Friday, August 26, 2011

Steve Jobs - Resignation


“To the Apple Board of Directors and the Apple Community:

I have always said if there ever came a day when I could no longer meet my duties and expectations as Apple’s CEO, I would be the first to let you know. Unfortunately, that day has come.

I hereby resign as CEO of Apple. I would like to serve, if the Board sees fit, as Chairman of the Board, director and Apple employee.

As far as my successor goes, I strongly recommend that we execute our succession plan and name Tim Cook as CEO of Apple.

I believe Apple’s brightest and most innovative days are ahead of it. And I look forward to watching and contributing to its success in a new role.

I have made some of the best friends of my life at Apple, and I thank you all for the many years of being able to work alongside you. Steve”

Echoed from the words above, thousands of news stories about the resignation of Steven P. Jobs as the CEO of Apple Corp have been popping up on the net in the last 2 days. His legacy in the industry, his place in history, his impact on the company and the effect of his departure from the active management of the company have been talked to depth all over the press.

As a fan and user of Apple products, I wanna add my 2 cents to this news story. I wouldn’t be able to draft as well-written and cohesive as other writers. Instead, I’m just gonna put some headers with random pieces of thought as follow. Some of them may be found similar to what some other bloggers/writers had already said since we may share the same/similar view of certain topics, but you will definitely find something more unique that I come up on my own.

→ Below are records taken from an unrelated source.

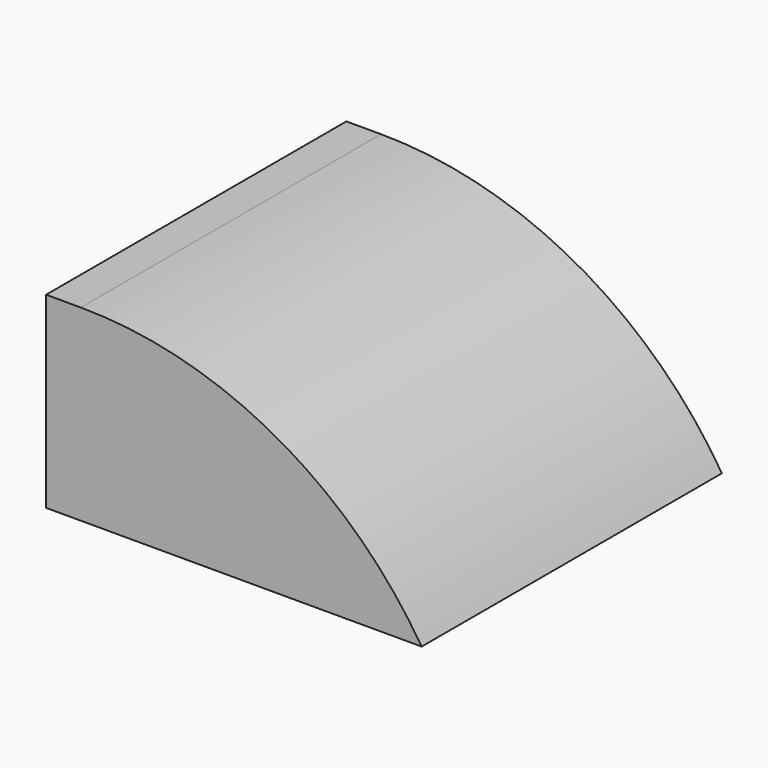
from build123d import *

# Parameters (mm, degrees)
F0_W        = 53.3761642873
F0_H        = 53.3400028944
F1_DEPTH    = 53.34
F4_T1_DEPTH = 591.1352105984


# Not quite as in the source:
# - a fillet or chamfer that OpenCascade refuses, or shapes differently, is made with other operations: its cross-section is extruded or revolved along the edge and cut away or added


with BuildPart() as f1:
    # F0 (on Front) → F1 (new body)
    with BuildSketch(Plane.XZ):
        with Locations((-26.6880821437, 26.6700014472)):
            Rectangle(F0_W, F0_H)
    extrude(amount=F1_DEPTH)

    # F2: F1 across plane


with BuildPart() as f1_1:
    add(f1.part)
    add(f1.part.mirror(Plane.YZ))

    # F3: F1 across face


with BuildPart() as f1_2:
    add(f1_1.part)
    add(f1_1.part.mirror(Plane(origin=(0, -53.34, 26.6700014472), x_dir=(1, 0, 0), z_dir=(0, -1, 0))))

    # F4: fillet of radius 114.6703157856 on 1 edges, made by hand

    # F4_s2 → F4_t1 (cut)
    with BuildSketch(Plane.XZ.offset(-242.2276052992)):
        with BuildLine():
            ThreePointArc((-43.5148778323, 53.3400028944), (11.7866365045, 39.1237753005), (53.3761642873, 0))
            Line((53.3761642873, 0), (53.3761642873, 53.3400028944))
            Line((53.3761642873, 53.3400028944), (-43.5148778323, 53.3400028944))
        make_face()
    extrude(amount=F4_T1_DEPTH, mode=Mode.SUBTRACT)


solid = f1_2.part

Reason for his resignation
Almost everybody believes that it is due to his health. Certainly, I wish him will get well by all means. However, I think that his health is certainly deteriorating. To me, he seems to be a fighter who fights till the end, definitely not a quitter. He just chooses to leave Apple after he has won in business and focus on his other ‘fight’- to live a healthy life.

Timing of his resignation
On his personally basis, he may just wanna spend more time to take care of his health and with his family. He certainly would like to stay healthy enough to see more Apple products being release and particularly the new Apple headquarter compass that he has been passionate about to be built on his watch. I don’t think he is on death bed yet, I hope not. But, for being as elusive as he is, nothing can/should be ruled out. He may unfortunately reach the final stage of his life. Connected in my thought that, it may be the reason why he might have instruct the earlier publish of his first and only authorized autobiography in coming November rather than next year. Reportedly, he chooses not to read the book before release, so he may just wanna read that before he’s gone. Just my share of conspiracy!

For Apple wise, I think his timing of departure just coincide the best time of the company financial and operational wise. It has become the largest or second largest corporation in the States in terms of capitals and with 76 billions of cash. Its products are selling like hot cakes with next versions on the verge of release. Usual fanfare is expected. I think he just left behind a very strong company for his successors to take on without an ounce of regret and did that on his own term unlike last time.

Steve Jobs related news reports in future
The press will continue to talk about him. If he thinks that he is healthy enough, I think he will give one or two exclusive interviews to 60 minutes or his trusted reporters in coming period. We may still read news on something that he alleged have said here and there. But, if his health is really bad, the next big story would be the report of his death. Something like…

On DD/MM/201X, Apple’s CEO Tim Cook, SVP Jonny Ive, etc visited Steve Jobs at his residence in Cupertino for the final farewell of Steve Jobs, the ex-CEO, Chairman and finder of Apple Corp, who passed away last night at the age of 5X. The cause of his death is XXX. Steve Jobs was….. Reportedly, his best friend Steve Woz, cofounder of Apple, his sister Mona Simpson, his wife, Laurene Powell, and his hildren XXX were on his bedside at the time of his death……His funeral is scheduled to be on DD/MM/201X at….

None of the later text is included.